Machine Learning in Elixir: shouldn't z-score should be based on standard deviation (ch 1, B3.0)?

nathanl · 15 March 2024 13:31

@seanmor5
On p. 41 it says:

For now, you’ll use standardization to scale your data…

then the following code is given

cols = ~w(sepal_width sepal_length petal_length petal_width)
normalized_iris =
  DF.mutate(
    iris,
    col <- across(^cols) do
      {col.name, (col - mean(col)) / variance(col)}
      end
    )

I’m very much a statistics newbie and learning as I go, but according to this page:

So to convert a value to a Standard Score (“z-score”):

first subtract the mean,

then divide by the Standard Deviation [emphasis mine]

And doing that is called “Standardizing”

That site explains Standard Deviation here: Standard Deviation and Variance

So in this code sample, shouldn’t we divide by standard_deviation(col) instead of by variance(col), like this?
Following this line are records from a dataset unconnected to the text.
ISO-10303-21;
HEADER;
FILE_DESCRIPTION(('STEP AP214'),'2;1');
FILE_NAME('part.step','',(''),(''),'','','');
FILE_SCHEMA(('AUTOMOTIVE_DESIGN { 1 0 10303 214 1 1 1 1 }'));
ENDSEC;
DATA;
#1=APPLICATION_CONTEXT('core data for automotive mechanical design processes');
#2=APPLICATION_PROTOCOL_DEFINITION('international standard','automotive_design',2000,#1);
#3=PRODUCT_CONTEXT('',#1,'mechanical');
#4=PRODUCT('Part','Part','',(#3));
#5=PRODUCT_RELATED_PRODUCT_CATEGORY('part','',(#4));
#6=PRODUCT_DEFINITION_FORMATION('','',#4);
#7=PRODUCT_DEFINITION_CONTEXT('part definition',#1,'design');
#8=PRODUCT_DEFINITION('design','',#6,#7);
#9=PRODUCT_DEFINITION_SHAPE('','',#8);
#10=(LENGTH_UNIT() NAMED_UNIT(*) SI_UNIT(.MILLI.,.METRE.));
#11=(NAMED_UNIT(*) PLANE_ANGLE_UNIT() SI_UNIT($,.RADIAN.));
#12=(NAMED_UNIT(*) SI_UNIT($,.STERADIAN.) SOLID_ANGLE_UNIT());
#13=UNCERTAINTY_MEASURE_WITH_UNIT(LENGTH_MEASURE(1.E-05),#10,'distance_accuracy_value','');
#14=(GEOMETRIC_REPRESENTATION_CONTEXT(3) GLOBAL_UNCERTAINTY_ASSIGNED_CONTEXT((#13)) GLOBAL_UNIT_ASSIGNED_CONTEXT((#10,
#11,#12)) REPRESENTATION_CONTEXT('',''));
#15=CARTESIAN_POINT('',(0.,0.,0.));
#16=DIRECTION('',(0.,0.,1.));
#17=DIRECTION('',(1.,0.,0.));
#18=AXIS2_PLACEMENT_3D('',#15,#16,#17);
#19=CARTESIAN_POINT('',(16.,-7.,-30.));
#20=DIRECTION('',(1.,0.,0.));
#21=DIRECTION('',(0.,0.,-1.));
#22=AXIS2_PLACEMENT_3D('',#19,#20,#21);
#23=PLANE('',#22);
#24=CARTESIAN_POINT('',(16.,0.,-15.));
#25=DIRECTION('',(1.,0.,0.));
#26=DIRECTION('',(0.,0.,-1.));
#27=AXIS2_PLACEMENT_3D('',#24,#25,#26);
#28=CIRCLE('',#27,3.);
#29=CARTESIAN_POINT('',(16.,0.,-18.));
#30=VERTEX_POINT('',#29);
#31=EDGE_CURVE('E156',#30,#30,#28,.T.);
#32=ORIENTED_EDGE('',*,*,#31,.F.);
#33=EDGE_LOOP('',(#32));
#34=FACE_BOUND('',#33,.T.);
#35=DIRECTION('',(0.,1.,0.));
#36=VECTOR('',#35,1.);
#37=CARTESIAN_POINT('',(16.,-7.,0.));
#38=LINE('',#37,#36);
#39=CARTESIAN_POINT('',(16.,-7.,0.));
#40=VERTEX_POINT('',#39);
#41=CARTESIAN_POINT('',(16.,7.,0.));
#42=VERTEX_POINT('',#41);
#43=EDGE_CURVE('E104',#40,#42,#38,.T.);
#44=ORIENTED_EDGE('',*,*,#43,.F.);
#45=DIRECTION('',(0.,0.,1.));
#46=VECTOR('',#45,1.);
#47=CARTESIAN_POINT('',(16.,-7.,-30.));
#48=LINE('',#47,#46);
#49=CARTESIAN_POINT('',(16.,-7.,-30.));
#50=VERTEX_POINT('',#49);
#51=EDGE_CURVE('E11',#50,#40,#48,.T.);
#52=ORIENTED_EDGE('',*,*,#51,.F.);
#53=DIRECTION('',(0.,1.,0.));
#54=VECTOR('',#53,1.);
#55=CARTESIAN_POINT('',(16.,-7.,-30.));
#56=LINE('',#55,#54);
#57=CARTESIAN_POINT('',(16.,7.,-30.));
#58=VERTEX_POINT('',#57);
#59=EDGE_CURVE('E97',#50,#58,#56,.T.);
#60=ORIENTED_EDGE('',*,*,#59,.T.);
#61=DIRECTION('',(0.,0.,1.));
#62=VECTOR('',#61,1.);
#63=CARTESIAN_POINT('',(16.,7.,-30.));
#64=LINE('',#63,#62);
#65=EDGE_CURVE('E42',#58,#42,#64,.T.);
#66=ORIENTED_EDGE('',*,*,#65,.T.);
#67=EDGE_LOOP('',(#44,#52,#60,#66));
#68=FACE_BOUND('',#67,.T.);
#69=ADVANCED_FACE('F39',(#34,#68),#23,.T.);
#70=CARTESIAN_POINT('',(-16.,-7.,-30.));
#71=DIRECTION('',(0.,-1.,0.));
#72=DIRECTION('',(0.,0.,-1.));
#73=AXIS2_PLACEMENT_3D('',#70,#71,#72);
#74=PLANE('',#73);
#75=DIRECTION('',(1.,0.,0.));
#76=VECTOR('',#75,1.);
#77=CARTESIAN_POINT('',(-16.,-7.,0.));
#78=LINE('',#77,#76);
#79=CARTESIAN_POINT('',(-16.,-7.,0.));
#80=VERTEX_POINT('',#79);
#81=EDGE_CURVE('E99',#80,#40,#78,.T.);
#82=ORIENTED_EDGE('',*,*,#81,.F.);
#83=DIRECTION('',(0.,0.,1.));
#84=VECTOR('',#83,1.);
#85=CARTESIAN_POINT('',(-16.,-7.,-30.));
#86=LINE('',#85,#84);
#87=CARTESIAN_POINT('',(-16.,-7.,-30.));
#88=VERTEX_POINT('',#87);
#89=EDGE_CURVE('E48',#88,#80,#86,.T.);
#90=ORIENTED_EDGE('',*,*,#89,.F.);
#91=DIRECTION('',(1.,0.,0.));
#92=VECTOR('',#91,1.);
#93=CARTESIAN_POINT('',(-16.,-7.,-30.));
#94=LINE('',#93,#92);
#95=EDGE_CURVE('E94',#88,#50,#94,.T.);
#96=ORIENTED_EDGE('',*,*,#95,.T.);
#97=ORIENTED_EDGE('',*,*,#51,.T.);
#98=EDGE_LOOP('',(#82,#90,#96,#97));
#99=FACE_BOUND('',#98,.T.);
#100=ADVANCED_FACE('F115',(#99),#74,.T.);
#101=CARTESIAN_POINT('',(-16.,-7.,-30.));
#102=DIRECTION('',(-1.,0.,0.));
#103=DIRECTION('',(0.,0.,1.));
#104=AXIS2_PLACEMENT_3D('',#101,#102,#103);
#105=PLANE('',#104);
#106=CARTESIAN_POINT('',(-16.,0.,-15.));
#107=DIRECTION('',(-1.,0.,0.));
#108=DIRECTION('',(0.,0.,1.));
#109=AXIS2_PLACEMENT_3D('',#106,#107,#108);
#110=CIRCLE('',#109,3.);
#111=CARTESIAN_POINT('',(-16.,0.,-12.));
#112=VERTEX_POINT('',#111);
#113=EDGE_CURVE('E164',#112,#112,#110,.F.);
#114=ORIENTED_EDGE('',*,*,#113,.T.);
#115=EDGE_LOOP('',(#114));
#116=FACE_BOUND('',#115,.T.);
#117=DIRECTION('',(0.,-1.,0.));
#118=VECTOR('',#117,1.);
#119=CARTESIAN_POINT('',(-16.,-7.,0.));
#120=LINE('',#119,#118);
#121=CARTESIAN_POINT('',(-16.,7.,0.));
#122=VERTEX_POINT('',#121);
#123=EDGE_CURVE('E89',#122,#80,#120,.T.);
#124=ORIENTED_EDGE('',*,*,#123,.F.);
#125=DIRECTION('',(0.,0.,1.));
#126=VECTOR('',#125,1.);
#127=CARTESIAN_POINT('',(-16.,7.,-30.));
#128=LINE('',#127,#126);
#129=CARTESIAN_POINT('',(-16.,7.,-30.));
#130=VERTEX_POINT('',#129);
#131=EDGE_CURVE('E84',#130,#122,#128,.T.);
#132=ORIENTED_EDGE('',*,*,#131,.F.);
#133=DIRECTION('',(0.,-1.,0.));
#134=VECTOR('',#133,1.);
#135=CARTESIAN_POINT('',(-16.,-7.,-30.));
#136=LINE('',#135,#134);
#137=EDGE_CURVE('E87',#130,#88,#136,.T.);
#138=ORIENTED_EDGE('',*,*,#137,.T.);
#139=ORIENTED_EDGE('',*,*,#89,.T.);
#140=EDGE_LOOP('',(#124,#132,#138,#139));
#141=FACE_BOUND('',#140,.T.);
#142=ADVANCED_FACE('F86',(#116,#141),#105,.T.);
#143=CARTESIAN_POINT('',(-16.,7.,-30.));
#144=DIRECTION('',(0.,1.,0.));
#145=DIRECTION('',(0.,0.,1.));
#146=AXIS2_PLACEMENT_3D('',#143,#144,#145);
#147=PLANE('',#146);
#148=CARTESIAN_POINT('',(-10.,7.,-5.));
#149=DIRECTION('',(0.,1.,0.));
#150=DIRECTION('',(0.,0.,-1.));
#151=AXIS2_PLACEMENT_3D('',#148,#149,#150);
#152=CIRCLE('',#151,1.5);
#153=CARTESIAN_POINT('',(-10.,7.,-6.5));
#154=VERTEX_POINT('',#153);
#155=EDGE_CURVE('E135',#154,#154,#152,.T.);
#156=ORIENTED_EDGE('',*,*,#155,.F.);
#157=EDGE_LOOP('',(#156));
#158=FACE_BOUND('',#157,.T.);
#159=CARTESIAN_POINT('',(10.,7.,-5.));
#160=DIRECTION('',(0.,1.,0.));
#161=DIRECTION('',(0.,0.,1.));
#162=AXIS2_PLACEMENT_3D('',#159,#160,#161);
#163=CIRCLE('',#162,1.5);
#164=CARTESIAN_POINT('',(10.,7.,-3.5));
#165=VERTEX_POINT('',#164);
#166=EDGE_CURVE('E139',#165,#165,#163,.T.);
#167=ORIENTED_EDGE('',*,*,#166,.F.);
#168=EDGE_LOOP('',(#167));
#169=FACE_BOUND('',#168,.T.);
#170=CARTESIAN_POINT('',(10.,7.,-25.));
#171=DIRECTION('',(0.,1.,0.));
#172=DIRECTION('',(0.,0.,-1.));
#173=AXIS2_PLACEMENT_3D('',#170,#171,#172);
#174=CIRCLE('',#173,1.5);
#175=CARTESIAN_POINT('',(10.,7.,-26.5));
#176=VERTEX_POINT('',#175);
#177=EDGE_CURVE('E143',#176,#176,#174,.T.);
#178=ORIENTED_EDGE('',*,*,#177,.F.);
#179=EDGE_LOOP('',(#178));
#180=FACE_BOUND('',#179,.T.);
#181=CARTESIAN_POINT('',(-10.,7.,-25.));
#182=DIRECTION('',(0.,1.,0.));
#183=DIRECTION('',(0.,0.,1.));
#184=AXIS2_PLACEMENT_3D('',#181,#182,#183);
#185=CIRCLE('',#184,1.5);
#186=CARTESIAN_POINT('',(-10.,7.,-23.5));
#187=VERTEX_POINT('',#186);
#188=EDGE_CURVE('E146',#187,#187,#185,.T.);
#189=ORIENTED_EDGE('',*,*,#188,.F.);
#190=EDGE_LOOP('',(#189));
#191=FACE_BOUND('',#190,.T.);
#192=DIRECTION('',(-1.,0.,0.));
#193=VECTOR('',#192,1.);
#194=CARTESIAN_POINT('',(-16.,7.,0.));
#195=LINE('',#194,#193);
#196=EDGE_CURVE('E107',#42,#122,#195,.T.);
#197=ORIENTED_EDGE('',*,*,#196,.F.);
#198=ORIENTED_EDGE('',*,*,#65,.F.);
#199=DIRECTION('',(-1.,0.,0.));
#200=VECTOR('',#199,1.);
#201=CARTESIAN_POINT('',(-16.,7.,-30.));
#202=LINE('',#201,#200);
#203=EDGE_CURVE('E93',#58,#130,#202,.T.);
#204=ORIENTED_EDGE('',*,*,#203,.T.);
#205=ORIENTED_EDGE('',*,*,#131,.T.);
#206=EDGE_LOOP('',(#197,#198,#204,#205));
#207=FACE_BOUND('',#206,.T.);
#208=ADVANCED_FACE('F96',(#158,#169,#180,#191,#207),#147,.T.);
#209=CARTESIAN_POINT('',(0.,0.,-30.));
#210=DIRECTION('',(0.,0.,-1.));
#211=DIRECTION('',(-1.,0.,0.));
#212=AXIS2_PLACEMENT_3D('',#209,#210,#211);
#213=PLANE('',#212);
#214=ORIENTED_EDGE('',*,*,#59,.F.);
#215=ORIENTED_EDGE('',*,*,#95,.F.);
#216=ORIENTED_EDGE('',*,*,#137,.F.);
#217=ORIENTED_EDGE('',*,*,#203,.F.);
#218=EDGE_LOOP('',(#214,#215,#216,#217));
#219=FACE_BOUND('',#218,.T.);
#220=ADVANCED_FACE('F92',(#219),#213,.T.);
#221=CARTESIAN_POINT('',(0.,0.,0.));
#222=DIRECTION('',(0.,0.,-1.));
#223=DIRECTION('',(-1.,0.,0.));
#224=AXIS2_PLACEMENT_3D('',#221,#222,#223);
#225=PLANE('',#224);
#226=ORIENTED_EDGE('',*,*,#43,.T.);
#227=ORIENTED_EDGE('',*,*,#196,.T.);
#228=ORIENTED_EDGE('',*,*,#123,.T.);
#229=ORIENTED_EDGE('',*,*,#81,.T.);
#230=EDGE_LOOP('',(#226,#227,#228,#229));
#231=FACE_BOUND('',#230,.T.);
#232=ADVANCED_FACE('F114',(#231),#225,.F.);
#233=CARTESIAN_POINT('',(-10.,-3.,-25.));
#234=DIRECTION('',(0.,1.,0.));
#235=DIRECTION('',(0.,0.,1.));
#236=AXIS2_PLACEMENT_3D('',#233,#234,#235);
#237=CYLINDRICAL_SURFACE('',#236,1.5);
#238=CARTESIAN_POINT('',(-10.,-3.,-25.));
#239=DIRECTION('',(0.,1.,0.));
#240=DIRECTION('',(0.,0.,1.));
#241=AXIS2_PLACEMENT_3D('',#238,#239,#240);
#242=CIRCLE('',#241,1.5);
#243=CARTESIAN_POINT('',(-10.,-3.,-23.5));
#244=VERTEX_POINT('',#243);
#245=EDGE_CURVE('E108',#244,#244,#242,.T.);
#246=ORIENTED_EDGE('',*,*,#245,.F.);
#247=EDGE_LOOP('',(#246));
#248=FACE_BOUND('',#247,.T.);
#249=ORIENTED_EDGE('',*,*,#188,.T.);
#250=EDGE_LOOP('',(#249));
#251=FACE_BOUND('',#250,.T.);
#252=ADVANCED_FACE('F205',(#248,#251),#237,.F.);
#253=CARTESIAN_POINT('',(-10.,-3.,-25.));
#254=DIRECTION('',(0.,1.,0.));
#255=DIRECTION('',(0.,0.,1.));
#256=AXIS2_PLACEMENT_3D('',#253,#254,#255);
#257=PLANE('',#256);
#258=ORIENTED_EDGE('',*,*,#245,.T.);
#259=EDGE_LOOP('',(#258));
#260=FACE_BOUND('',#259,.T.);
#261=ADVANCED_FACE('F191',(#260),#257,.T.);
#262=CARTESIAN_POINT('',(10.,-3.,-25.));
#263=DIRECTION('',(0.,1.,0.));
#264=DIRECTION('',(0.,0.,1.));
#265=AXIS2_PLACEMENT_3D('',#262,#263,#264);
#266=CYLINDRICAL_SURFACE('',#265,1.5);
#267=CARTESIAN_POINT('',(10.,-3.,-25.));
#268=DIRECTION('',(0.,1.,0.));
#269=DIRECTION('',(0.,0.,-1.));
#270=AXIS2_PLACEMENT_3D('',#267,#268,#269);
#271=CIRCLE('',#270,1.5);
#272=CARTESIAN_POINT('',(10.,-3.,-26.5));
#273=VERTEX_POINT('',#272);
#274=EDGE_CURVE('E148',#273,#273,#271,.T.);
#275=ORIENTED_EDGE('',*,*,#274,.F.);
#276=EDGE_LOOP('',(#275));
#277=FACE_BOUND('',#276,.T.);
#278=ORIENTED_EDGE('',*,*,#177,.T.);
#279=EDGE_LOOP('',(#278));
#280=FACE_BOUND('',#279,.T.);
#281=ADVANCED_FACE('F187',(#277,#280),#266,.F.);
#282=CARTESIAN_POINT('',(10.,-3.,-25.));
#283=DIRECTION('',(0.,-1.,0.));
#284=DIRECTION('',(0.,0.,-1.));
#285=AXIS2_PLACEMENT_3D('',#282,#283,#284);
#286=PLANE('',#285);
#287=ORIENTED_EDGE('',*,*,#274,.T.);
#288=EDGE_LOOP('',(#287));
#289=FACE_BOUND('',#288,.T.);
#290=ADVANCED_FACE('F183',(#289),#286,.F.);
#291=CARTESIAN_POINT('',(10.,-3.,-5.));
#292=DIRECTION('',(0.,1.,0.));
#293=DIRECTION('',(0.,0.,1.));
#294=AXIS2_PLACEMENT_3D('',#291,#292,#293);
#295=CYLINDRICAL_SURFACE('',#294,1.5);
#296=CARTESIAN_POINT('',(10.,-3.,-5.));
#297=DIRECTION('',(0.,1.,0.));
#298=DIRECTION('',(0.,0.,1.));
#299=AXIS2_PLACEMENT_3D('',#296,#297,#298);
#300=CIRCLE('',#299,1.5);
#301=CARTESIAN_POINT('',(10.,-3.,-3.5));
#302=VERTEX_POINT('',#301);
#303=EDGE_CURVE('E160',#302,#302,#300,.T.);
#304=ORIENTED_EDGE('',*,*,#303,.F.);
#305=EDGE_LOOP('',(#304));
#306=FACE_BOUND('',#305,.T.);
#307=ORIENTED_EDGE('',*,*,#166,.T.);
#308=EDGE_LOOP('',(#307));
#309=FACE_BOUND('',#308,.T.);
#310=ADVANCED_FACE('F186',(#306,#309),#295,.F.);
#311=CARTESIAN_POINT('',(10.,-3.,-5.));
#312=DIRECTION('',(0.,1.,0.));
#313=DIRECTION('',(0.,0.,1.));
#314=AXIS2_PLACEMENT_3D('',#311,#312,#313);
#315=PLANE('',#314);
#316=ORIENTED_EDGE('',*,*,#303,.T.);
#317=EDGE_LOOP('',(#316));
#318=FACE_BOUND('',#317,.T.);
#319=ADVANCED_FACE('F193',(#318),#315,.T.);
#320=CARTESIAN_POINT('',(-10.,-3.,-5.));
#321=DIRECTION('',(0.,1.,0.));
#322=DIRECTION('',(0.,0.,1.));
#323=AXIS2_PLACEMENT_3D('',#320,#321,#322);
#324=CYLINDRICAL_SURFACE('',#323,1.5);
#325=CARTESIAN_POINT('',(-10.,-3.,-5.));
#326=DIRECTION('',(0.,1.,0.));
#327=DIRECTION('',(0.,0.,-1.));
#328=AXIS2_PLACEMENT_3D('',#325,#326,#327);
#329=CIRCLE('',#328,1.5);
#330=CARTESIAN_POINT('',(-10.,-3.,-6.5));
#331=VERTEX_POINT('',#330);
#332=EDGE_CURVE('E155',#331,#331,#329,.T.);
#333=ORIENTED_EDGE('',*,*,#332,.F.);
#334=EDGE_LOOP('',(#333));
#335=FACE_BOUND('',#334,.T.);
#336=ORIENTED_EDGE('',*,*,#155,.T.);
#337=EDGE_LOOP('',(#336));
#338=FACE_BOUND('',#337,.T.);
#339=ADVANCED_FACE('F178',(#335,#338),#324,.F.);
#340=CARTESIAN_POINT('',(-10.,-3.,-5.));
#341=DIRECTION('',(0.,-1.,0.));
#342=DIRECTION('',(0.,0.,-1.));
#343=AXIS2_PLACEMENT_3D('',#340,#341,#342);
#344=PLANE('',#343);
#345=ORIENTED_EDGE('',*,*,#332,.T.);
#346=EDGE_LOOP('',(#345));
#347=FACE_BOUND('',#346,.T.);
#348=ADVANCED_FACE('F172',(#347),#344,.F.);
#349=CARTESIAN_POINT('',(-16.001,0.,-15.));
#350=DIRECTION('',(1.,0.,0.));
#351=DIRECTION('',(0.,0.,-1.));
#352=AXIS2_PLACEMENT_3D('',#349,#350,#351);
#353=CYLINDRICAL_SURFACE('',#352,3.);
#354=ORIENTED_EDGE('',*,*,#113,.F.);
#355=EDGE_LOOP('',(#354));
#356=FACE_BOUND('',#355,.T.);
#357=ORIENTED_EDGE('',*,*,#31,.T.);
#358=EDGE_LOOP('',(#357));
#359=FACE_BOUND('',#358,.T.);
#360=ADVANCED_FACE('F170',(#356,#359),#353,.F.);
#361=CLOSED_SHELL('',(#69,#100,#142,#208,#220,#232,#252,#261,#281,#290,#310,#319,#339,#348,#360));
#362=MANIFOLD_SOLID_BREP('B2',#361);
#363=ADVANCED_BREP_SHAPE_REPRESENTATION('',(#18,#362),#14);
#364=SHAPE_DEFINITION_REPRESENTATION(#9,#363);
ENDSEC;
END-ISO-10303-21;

cols = ~w(sepal_width sepal_length petal_length petal_width)
normalized_iris =
  DF.mutate(
    iris,
    col <- across(^cols) do
      {col.name, (col - mean(col)) / standard_deviation(col)}
      end
    )

Using the variance(col) version, I get an evaluated accuracy like this:

%{
  0 => %{
    "accuracy" => #Nx.Tensor<
      f32
      0.8999999761581421
    >
  }
}

Using the standard_deviation(col) version, that goes up to 0.9666666388511658.